This is a pretty bad read.

Notice that line 4 is:
#!!!!!!!!!!!!!!!!!!!!!!!!!!!!!!!!!!

As mentioned above, line 4 is a encoding of the quality. In this case, the code is the ASCII character table. According to the chart a ‘#’ has the value 35 and ‘!’ has the value 33 - But these values are not actually the quality scores! There are actually several historical differences in how Illumina and other players have encoded the scores. Heres the chart from wikipedia:

SSSSSSSSSSSSSSSSSSSSSSSSSSSSSSSSSSSSSSSSS.....................................................
..........................XXXXXXXXXXXXXXXXXXXXXXXXXXXXXXXXXXXXXXXXXXXXXX......................
...............................IIIIIIIIIIIIIIIIIIIIIIIIIIIIIIIIIIIIIIIII......................
.................................JJJJJJJJJJJJJJJJJJJJJJJJJJJJJJJJJJJJJJJ......................
LLLLLLLLLLLLLLLLLLLLLLLLLLLLLLLLLLLLLLLLLL....................................................
!"#$%&'()*+,-./0123456789:;<=>?@ABCDEFGHIJKLMNOPQRSTUVWXYZ[\]^_`abcdefghijklmnopqrstuvwxyz{|}~
|                         |    |        |                              |                     |    33                        59   64       73                            104                   126
0........................26...31.......40                                
                         -5....0........9.............................40 
                               0........9.............................40 
                                  3.....9.............................40 
0.2......................26...31........41                              

S - Sanger        Phred+33,  raw reads typically (0, 40)
X - Solexa        Solexa+64, raw reads typically (-5, 40)
I - Illumina 1.3+ Phred+64,  raw reads typically (0, 40)
J - Illumina 1.5+ Phred+64,  raw reads typically (3, 40)
with 0=unused, 1=unused, 2=Read Segment Quality Control Indicator (bold) 
(Note: See discussion above).
L - Illumina 1.8+ Phred+33,  raw reads typically (0, 41)
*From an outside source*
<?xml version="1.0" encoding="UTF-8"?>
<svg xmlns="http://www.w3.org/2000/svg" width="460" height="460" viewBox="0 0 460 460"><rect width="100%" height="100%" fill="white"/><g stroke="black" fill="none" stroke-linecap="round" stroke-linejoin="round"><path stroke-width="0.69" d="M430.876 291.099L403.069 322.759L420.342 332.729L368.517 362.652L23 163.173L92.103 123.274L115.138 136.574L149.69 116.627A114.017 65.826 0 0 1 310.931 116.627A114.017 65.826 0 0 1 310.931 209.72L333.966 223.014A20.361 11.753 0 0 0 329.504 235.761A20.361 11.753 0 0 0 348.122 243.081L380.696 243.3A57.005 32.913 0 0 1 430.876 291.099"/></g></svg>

So using the Illumina 1.8 encouding, which is what you will mostly see from now on, our first c is called with a Phred score of 0 and our Ns are called with a score of 2. Read quality is assessed using the Phred Quality Score. This score is logarithmically based and the score values can be interpreted as follows:

Phred Quality Score Probability of incorrect base call Base call accuracy
10 1 in 10 90%
20 1 in 100 99%
30 1 in 1000 99.9%
40 1 in 10,000 99.99%
50 1 in 100,000 99.999%
60 1 in 1,000,000 99.9999%

FastQC

FastQC (http://www.bioinformatics.babraham.ac.uk/projects/fastqc/) provides a simple way to do some quality control checks on raw sequence data coming from high throughput sequencing pipelines. It provides a modular set of analyses which you can use to give a quick impression of whether your data has any problems of which you should be aware before doing any further analysis.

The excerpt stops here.